→ Exercise directions: Pick out the lines below with "radius" and list them.

→ Dataset extract:
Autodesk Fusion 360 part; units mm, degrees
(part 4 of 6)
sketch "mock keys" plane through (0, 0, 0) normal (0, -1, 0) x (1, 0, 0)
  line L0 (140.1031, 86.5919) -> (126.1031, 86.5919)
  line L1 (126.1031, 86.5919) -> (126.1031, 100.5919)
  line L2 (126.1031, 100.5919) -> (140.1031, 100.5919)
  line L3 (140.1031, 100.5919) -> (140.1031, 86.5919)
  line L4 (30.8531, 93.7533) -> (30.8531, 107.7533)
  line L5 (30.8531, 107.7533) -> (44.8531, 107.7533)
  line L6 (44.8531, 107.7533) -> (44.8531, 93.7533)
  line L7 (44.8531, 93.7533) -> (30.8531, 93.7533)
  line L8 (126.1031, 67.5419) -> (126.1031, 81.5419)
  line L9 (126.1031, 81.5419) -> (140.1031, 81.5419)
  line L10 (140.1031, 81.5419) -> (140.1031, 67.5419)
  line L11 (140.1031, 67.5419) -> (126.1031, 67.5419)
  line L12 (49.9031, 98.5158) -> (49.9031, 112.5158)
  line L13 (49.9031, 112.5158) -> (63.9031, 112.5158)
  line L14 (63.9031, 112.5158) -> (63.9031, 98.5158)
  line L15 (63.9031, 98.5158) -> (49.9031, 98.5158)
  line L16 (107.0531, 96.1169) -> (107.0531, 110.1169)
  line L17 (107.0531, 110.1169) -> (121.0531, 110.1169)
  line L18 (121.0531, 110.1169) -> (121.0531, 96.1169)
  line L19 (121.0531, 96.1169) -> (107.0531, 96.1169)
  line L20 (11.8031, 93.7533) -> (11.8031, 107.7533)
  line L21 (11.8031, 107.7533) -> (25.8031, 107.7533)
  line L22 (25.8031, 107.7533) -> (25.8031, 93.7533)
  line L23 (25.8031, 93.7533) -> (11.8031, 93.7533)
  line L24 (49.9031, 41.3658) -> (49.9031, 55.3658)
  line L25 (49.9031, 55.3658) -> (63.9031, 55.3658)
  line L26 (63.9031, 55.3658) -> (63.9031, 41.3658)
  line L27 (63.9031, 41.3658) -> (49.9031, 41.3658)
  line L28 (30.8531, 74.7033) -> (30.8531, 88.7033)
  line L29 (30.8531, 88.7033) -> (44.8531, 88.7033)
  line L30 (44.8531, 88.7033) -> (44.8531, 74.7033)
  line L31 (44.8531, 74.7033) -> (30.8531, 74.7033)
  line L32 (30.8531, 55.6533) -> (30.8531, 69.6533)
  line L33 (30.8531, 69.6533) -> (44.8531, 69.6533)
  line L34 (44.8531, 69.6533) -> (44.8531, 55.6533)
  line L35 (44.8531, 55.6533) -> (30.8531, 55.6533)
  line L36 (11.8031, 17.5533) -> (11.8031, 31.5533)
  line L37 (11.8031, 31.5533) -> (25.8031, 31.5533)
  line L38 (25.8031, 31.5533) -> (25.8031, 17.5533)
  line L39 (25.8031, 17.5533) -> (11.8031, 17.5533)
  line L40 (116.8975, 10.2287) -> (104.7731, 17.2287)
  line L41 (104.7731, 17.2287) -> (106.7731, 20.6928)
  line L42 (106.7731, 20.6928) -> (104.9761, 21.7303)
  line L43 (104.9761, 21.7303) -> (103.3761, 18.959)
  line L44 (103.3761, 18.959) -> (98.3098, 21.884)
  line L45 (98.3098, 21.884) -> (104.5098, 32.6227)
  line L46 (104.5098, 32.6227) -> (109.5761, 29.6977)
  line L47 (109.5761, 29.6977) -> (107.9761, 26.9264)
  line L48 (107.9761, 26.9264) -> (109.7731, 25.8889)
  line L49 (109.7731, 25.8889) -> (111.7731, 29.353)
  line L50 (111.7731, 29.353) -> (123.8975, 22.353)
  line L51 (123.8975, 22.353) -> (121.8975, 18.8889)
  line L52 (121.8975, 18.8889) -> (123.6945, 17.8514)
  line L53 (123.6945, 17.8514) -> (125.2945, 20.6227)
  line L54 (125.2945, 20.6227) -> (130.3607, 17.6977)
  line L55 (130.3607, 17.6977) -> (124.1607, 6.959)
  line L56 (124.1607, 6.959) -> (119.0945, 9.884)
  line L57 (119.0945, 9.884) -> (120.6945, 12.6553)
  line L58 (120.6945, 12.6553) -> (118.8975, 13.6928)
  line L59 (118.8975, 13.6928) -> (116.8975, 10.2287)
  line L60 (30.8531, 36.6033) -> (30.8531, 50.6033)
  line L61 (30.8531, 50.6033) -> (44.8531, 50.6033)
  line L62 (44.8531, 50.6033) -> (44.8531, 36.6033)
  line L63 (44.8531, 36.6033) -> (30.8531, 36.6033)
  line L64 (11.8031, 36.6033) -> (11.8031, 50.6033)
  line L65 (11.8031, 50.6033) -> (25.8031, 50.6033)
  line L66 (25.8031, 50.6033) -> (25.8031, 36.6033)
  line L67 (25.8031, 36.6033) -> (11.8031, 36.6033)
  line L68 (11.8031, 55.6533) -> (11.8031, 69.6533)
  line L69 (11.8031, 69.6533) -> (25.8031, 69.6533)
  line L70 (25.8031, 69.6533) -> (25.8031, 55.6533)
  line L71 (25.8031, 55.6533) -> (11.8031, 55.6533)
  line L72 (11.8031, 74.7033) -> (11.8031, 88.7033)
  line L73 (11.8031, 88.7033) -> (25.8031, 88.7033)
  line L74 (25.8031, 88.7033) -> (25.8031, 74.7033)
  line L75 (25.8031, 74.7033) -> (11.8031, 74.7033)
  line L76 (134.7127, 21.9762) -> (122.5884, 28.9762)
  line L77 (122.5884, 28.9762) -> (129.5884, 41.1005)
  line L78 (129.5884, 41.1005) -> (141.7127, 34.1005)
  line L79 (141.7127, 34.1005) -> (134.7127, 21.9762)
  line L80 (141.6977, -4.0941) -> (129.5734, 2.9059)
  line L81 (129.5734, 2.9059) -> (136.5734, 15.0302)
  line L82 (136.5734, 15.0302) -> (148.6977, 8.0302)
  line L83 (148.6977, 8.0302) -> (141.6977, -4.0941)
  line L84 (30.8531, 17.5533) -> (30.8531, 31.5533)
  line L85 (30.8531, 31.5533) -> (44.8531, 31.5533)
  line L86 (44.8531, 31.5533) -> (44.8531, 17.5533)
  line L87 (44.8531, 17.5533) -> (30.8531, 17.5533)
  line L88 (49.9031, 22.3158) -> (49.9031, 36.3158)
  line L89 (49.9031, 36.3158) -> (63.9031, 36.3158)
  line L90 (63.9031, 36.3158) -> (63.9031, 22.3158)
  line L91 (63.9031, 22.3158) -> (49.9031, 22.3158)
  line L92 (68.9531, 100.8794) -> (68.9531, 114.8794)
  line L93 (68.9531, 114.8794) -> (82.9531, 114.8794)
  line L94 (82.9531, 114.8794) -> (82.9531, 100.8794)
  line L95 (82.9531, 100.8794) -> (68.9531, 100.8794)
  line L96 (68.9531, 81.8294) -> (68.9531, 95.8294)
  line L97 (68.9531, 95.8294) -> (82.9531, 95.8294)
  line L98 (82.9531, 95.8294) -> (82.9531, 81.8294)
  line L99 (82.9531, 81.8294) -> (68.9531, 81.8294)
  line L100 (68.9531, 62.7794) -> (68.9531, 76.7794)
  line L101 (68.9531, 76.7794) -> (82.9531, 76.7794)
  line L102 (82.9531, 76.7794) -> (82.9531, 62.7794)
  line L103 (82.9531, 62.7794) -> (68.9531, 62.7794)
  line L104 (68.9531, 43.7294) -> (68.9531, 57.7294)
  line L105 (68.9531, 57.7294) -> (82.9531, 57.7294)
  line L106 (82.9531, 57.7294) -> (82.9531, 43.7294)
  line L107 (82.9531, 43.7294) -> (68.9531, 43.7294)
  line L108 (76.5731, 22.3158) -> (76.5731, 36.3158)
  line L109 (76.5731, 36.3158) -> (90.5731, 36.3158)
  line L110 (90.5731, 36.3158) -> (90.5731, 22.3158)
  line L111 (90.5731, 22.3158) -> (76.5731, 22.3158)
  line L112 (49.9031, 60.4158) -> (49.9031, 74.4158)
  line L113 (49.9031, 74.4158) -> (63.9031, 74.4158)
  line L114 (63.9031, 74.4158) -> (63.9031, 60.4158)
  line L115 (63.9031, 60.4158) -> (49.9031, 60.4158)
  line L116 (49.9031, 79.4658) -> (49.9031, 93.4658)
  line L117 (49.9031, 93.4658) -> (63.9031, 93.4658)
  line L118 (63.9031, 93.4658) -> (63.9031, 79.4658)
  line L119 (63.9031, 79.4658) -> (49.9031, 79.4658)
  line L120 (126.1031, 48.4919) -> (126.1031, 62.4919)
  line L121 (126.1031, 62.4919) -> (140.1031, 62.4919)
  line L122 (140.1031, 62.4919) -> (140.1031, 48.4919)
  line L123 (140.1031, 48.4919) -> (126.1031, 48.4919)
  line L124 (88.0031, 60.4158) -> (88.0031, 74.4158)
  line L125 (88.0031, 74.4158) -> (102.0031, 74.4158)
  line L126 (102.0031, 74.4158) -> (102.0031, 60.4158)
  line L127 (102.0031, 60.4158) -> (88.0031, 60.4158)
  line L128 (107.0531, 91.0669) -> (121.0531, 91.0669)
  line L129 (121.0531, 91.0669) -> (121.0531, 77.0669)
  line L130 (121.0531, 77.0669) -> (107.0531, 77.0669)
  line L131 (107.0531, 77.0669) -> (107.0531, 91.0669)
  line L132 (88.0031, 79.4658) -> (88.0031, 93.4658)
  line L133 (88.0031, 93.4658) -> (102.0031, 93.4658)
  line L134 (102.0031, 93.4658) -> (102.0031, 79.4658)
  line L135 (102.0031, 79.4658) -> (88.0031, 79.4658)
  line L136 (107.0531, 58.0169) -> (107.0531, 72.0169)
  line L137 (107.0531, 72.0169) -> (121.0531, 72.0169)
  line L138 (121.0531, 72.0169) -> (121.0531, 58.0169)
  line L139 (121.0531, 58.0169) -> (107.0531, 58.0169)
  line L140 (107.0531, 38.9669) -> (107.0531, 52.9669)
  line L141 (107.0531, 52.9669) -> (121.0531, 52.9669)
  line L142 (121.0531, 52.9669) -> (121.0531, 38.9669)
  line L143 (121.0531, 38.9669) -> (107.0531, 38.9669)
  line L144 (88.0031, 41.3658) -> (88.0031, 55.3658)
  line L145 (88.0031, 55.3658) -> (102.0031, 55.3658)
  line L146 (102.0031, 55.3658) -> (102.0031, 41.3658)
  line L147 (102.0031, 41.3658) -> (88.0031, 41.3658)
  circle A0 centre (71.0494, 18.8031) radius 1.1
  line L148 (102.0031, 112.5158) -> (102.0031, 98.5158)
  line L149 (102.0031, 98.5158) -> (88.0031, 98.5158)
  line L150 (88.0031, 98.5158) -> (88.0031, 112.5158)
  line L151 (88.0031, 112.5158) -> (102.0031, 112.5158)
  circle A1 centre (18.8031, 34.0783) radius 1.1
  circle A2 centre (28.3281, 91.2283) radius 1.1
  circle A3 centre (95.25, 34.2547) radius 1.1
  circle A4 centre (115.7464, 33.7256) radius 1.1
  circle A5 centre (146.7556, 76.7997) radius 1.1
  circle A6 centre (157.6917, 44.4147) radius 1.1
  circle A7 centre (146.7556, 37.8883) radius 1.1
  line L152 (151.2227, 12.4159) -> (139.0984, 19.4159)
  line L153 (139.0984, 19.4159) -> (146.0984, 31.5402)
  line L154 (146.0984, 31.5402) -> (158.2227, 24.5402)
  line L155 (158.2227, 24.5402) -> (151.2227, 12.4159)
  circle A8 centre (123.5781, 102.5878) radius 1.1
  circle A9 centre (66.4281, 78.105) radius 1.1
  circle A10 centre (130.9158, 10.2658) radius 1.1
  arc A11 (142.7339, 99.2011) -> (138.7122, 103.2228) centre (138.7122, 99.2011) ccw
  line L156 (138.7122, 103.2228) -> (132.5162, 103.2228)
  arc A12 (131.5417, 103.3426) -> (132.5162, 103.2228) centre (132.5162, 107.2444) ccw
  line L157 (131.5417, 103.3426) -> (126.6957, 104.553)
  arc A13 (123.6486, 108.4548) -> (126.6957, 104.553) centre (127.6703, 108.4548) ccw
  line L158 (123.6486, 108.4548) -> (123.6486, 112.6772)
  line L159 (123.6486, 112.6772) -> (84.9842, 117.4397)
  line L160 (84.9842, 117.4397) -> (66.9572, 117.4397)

→ Task output:
  circle A0 centre (71.0494, 18.8031) radius 1.1
  circle A1 centre (18.8031, 34.0783) radius 1.1
  circle A2 centre (28.3281, 91.2283) radius 1.1
  circle A3 centre (95.25, 34.2547) radius 1.1
  circle A4 centre (115.7464, 33.7256) radius 1.1
  circle A5 centre (146.7556, 76.7997) radius 1.1
  circle A6 centre (157.6917, 44.4147) radius 1.1
  circle A7 centre (146.7556, 37.8883) radius 1.1
  circle A8 centre (123.5781, 102.5878) radius 1.1
  circle A9 centre (66.4281, 78.105) radius 1.1
  circle A10 centre (130.9158, 10.2658) radius 1.1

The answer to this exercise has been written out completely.